• **THE PROBLEM**
The data should be written out in full, exactly as it stands, and the pictures dropped.

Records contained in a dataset
>>
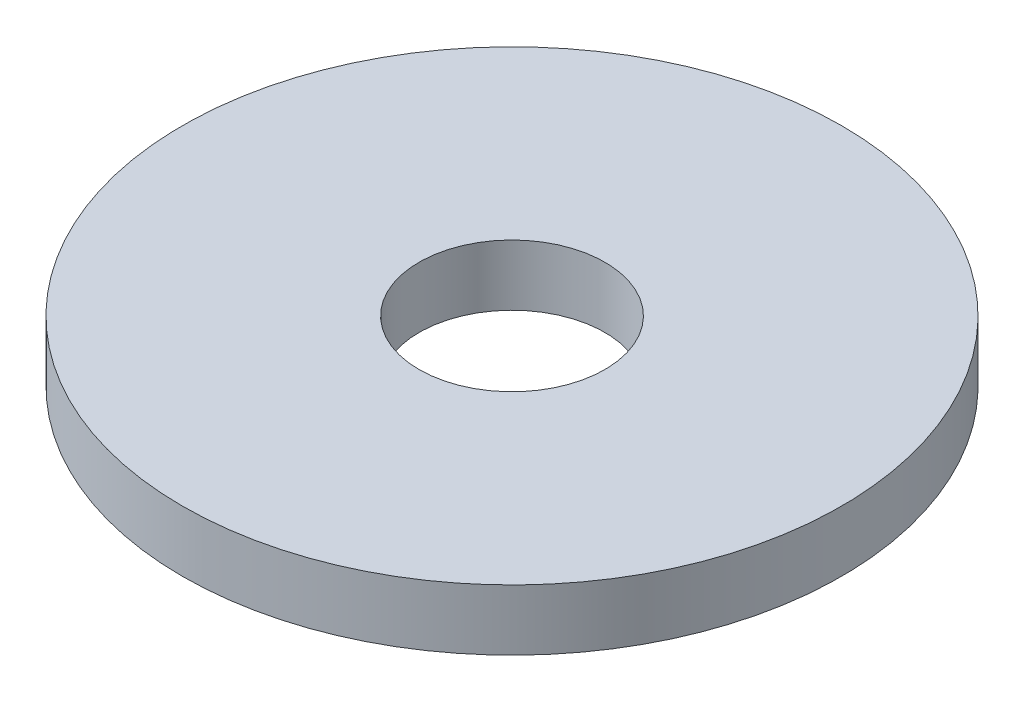
ISO-10303-21;
HEADER;
FILE_DESCRIPTION(('STEP AP214'),'2;1');
FILE_NAME('part.step','',(''),(''),'','','');
FILE_SCHEMA(('AUTOMOTIVE_DESIGN { 1 0 10303 214 1 1 1 1 }'));
ENDSEC;
DATA;
#1=APPLICATION_CONTEXT('core data for automotive mechanical design processes');
#2=APPLICATION_PROTOCOL_DEFINITION('international standard','automotive_design',2000,#1);
#3=PRODUCT_CONTEXT('',#1,'mechanical');
#4=PRODUCT('Part','Part','',(#3));
#5=PRODUCT_RELATED_PRODUCT_CATEGORY('part','',(#4));
#6=PRODUCT_DEFINITION_FORMATION('','',#4);
#7=PRODUCT_DEFINITION_CONTEXT('part definition',#1,'design');
#8=PRODUCT_DEFINITION('design','',#6,#7);
#9=PRODUCT_DEFINITION_SHAPE('','',#8);
#10=(LENGTH_UNIT() NAMED_UNIT(*) SI_UNIT(.MILLI.,.METRE.));
#11=(NAMED_UNIT(*) PLANE_ANGLE_UNIT() SI_UNIT($,.RADIAN.));
#12=(NAMED_UNIT(*) SI_UNIT($,.STERADIAN.) SOLID_ANGLE_UNIT());
#13=UNCERTAINTY_MEASURE_WITH_UNIT(LENGTH_MEASURE(1.E-05),#10,'distance_accuracy_value','');
#14=(GEOMETRIC_REPRESENTATION_CONTEXT(3) GLOBAL_UNCERTAINTY_ASSIGNED_CONTEXT((#13)) GLOBAL_UNIT_ASSIGNED_CONTEXT((#10,
#11,#12)) REPRESENTATION_CONTEXT('',''));
#15=CARTESIAN_POINT('',(0.,0.,0.));
#16=DIRECTION('',(0.,0.,1.));
#17=DIRECTION('',(1.,0.,0.));
#18=AXIS2_PLACEMENT_3D('',#15,#16,#17);
#19=CARTESIAN_POINT('',(0.,18.,0.));
#20=DIRECTION('',(0.,-1.,0.));
#21=DIRECTION('',(0.,0.,-1.));
#22=AXIS2_PLACEMENT_3D('',#19,#20,#21);
#23=CYLINDRICAL_SURFACE('',#22,97.5);
#24=CARTESIAN_POINT('',(0.,18.,0.));
#25=DIRECTION('',(0.,1.,0.));
#26=DIRECTION('',(0.,0.,1.));
#27=AXIS2_PLACEMENT_3D('',#24,#25,#26);
#28=CIRCLE('',#27,97.5);
#29=CARTESIAN_POINT('',(0.,18.,97.5));
#30=VERTEX_POINT('',#29);
#31=EDGE_CURVE('E10',#30,#30,#28,.T.);
#32=ORIENTED_EDGE('',*,*,#31,.F.);
#33=EDGE_LOOP('',(#32));
#34=FACE_BOUND('',#33,.T.);
#35=CARTESIAN_POINT('',(0.,0.,0.));
#36=DIRECTION('',(0.,1.,0.));
#37=DIRECTION('',(0.,0.,1.));
#38=AXIS2_PLACEMENT_3D('',#35,#36,#37);
#39=CIRCLE('',#38,97.5);
#40=CARTESIAN_POINT('',(0.,0.,97.5));
#41=VERTEX_POINT('',#40);
#42=EDGE_CURVE('E37',#41,#41,#39,.T.);
#43=ORIENTED_EDGE('',*,*,#42,.T.);
#44=EDGE_LOOP('',(#43));
#45=FACE_BOUND('',#44,.T.);
#46=ADVANCED_FACE('F40',(#34,#45),#23,.T.);
#47=CARTESIAN_POINT('',(0.,18.,0.));
#48=DIRECTION('',(0.,1.,0.));
#49=DIRECTION('',(0.,0.,1.));
#50=AXIS2_PLACEMENT_3D('',#47,#48,#49);
#51=PLANE('',#50);
#52=CARTESIAN_POINT('',(0.,18.,0.));
#53=DIRECTION('',(0.,1.,0.));
#54=DIRECTION('',(0.,0.,1.));
#55=AXIS2_PLACEMENT_3D('',#52,#53,#54);
#56=CIRCLE('',#55,27.5);
#57=CARTESIAN_POINT('',(0.,18.,27.5));
#58=VERTEX_POINT('',#57);
#59=EDGE_CURVE('E50',#58,#58,#56,.T.);
#60=ORIENTED_EDGE('',*,*,#59,.F.);
#61=EDGE_LOOP('',(#60));
#62=FACE_BOUND('',#61,.T.);
#63=ORIENTED_EDGE('',*,*,#31,.T.);
#64=EDGE_LOOP('',(#63));
#65=FACE_BOUND('',#64,.T.);
#66=ADVANCED_FACE('F59',(#62,#65),#51,.T.);
#67=CARTESIAN_POINT('',(0.,0.,0.));
#68=DIRECTION('',(0.,1.,0.));
#69=DIRECTION('',(0.,0.,1.));
#70=AXIS2_PLACEMENT_3D('',#67,#68,#69);
#71=PLANE('',#70);
#72=CARTESIAN_POINT('',(0.,0.,0.));
#73=DIRECTION('',(0.,1.,0.));
#74=DIRECTION('',(0.,0.,1.));
#75=AXIS2_PLACEMENT_3D('',#72,#73,#74);
#76=CIRCLE('',#75,27.5);
#77=CARTESIAN_POINT('',(0.,0.,27.5));
#78=VERTEX_POINT('',#77);
#79=EDGE_CURVE('E47',#78,#78,#76,.T.);
#80=ORIENTED_EDGE('',*,*,#79,.T.);
#81=EDGE_LOOP('',(#80));
#82=FACE_BOUND('',#81,.T.);
#83=ORIENTED_EDGE('',*,*,#42,.F.);
#84=EDGE_LOOP('',(#83));
#85=FACE_BOUND('',#84,.T.);
#86=ADVANCED_FACE('F58',(#82,#85),#71,.F.);
#87=CARTESIAN_POINT('',(0.,18.,0.));
#88=DIRECTION('',(0.,-1.,0.));
#89=DIRECTION('',(0.,0.,-1.));
#90=AXIS2_PLACEMENT_3D('',#87,#88,#89);
#91=CYLINDRICAL_SURFACE('',#90,27.5);
#92=ORIENTED_EDGE('',*,*,#59,.T.);
#93=EDGE_LOOP('',(#92));
#94=FACE_BOUND('',#93,.T.);
#95=ORIENTED_EDGE('',*,*,#79,.F.);
#96=EDGE_LOOP('',(#95));
#97=FACE_BOUND('',#96,.T.);
#98=ADVANCED_FACE('F54',(#94,#97),#91,.F.);
#99=CLOSED_SHELL('',(#46,#66,#86,#98));
#100=MANIFOLD_SOLID_BREP('B2',#99);
#101=ADVANCED_BREP_SHAPE_REPRESENTATION('',(#18,#100),#14);
#102=SHAPE_DEFINITION_REPRESENTATION(#9,#101);
ENDSEC;
END-ISO-10303-21;
<<
• **WRITTEN RESPONSE**
ISO-10303-21;
HEADER;
FILE_DESCRIPTION(('STEP AP214'),'2;1');
FILE_NAME('part.step','',(''),(''),'','','');
FILE_SCHEMA(('AUTOMOTIVE_DESIGN { 1 0 10303 214 1 1 1 1 }'));
ENDSEC;
DATA;
#1=APPLICATION_CONTEXT('core data for automotive mechanical design processes');
#2=APPLICATION_PROTOCOL_DEFINITION('international standard','automotive_design',2000,#1);
#3=PRODUCT_CONTEXT('',#1,'mechanical');
#4=PRODUCT('Part','Part','',(#3));
#5=PRODUCT_RELATED_PRODUCT_CATEGORY('part','',(#4));
#6=PRODUCT_DEFINITION_FORMATION('','',#4);
#7=PRODUCT_DEFINITION_CONTEXT('part definition',#1,'design');
#8=PRODUCT_DEFINITION('design','',#6,#7);
#9=PRODUCT_DEFINITION_SHAPE('','',#8);
#10=(LENGTH_UNIT() NAMED_UNIT(*) SI_UNIT(.MILLI.,.METRE.));
#11=(NAMED_UNIT(*) PLANE_ANGLE_UNIT() SI_UNIT($,.RADIAN.));
#12=(NAMED_UNIT(*) SI_UNIT($,.STERADIAN.) SOLID_ANGLE_UNIT());
#13=UNCERTAINTY_MEASURE_WITH_UNIT(LENGTH_MEASURE(1.E-05),#10,'distance_accuracy_value','');
#14=(GEOMETRIC_REPRESENTATION_CONTEXT(3) GLOBAL_UNCERTAINTY_ASSIGNED_CONTEXT((#13)) GLOBAL_UNIT_ASSIGNED_CONTEXT((#10,
#11,#12)) REPRESENTATION_CONTEXT('',''));
#15=CARTESIAN_POINT('',(0.,0.,0.));
#16=DIRECTION('',(0.,0.,1.));
#17=DIRECTION('',(1.,0.,0.));
#18=AXIS2_PLACEMENT_3D('',#15,#16,#17);
#19=CARTESIAN_POINT('',(0.,18.,0.));
#20=DIRECTION('',(0.,-1.,0.));
#21=DIRECTION('',(0.,0.,-1.));
#22=AXIS2_PLACEMENT_3D('',#19,#20,#21);
#23=CYLINDRICAL_SURFACE('',#22,97.5);
#24=CARTESIAN_POINT('',(0.,18.,0.));
#25=DIRECTION('',(0.,1.,0.));
#26=DIRECTION('',(0.,0.,1.));
#27=AXIS2_PLACEMENT_3D('',#24,#25,#26);
#28=CIRCLE('',#27,97.5);
#29=CARTESIAN_POINT('',(0.,18.,97.5));
#30=VERTEX_POINT('',#29);
#31=EDGE_CURVE('E10',#30,#30,#28,.T.);
#32=ORIENTED_EDGE('',*,*,#31,.F.);
#33=EDGE_LOOP('',(#32));
#34=FACE_BOUND('',#33,.T.);
#35=CARTESIAN_POINT('',(0.,0.,0.));
#36=DIRECTION('',(0.,1.,0.));
#37=DIRECTION('',(0.,0.,1.));
#38=AXIS2_PLACEMENT_3D('',#35,#36,#37);
#39=CIRCLE('',#38,97.5);
#40=CARTESIAN_POINT('',(0.,0.,97.5));
#41=VERTEX_POINT('',#40);
#42=EDGE_CURVE('E37',#41,#41,#39,.T.);
#43=ORIENTED_EDGE('',*,*,#42,.T.);
#44=EDGE_LOOP('',(#43));
#45=FACE_BOUND('',#44,.T.);
#46=ADVANCED_FACE('F40',(#34,#45),#23,.T.);
#47=CARTESIAN_POINT('',(0.,18.,0.));
#48=DIRECTION('',(0.,1.,0.));
#49=DIRECTION('',(0.,0.,1.));
#50=AXIS2_PLACEMENT_3D('',#47,#48,#49);
#51=PLANE('',#50);
#52=CARTESIAN_POINT('',(0.,18.,0.));
#53=DIRECTION('',(0.,1.,0.));
#54=DIRECTION('',(0.,0.,1.));
#55=AXIS2_PLACEMENT_3D('',#52,#53,#54);
#56=CIRCLE('',#55,27.5);
#57=CARTESIAN_POINT('',(0.,18.,27.5));
#58=VERTEX_POINT('',#57);
#59=EDGE_CURVE('E50',#58,#58,#56,.T.);
#60=ORIENTED_EDGE('',*,*,#59,.F.);
#61=EDGE_LOOP('',(#60));
#62=FACE_BOUND('',#61,.T.);
#63=ORIENTED_EDGE('',*,*,#31,.T.);
#64=EDGE_LOOP('',(#63));
#65=FACE_BOUND('',#64,.T.);
#66=ADVANCED_FACE('F59',(#62,#65),#51,.T.);
#67=CARTESIAN_POINT('',(0.,0.,0.));
#68=DIRECTION('',(0.,1.,0.));
#69=DIRECTION('',(0.,0.,1.));
#70=AXIS2_PLACEMENT_3D('',#67,#68,#69);
#71=PLANE('',#70);
#72=CARTESIAN_POINT('',(0.,0.,0.));
#73=DIRECTION('',(0.,1.,0.));
#74=DIRECTION('',(0.,0.,1.));
#75=AXIS2_PLACEMENT_3D('',#72,#73,#74);
#76=CIRCLE('',#75,27.5);
#77=CARTESIAN_POINT('',(0.,0.,27.5));
#78=VERTEX_POINT('',#77);
#79=EDGE_CURVE('E47',#78,#78,#76,.T.);
#80=ORIENTED_EDGE('',*,*,#79,.T.);
#81=EDGE_LOOP('',(#80));
#82=FACE_BOUND('',#81,.T.);
#83=ORIENTED_EDGE('',*,*,#42,.F.);
#84=EDGE_LOOP('',(#83));
#85=FACE_BOUND('',#84,.T.);
#86=ADVANCED_FACE('F58',(#82,#85),#71,.F.);
#87=CARTESIAN_POINT('',(0.,18.,0.));
#88=DIRECTION('',(0.,-1.,0.));
#89=DIRECTION('',(0.,0.,-1.));
#90=AXIS2_PLACEMENT_3D('',#87,#88,#89);
#91=CYLINDRICAL_SURFACE('',#90,27.5);
#92=ORIENTED_EDGE('',*,*,#59,.T.);
#93=EDGE_LOOP('',(#92));
#94=FACE_BOUND('',#93,.T.);
#95=ORIENTED_EDGE('',*,*,#79,.F.);
#96=EDGE_LOOP('',(#95));
#97=FACE_BOUND('',#96,.T.);
#98=ADVANCED_FACE('F54',(#94,#97),#91,.F.);
#99=CLOSED_SHELL('',(#46,#66,#86,#98));
#100=MANIFOLD_SOLID_BREP('B2',#99);
#101=ADVANCED_BREP_SHAPE_REPRESENTATION('',(#18,#100),#14);
#102=SHAPE_DEFINITION_REPRESENTATION(#9,#101);
ENDSEC;
END-ISO-10303-21;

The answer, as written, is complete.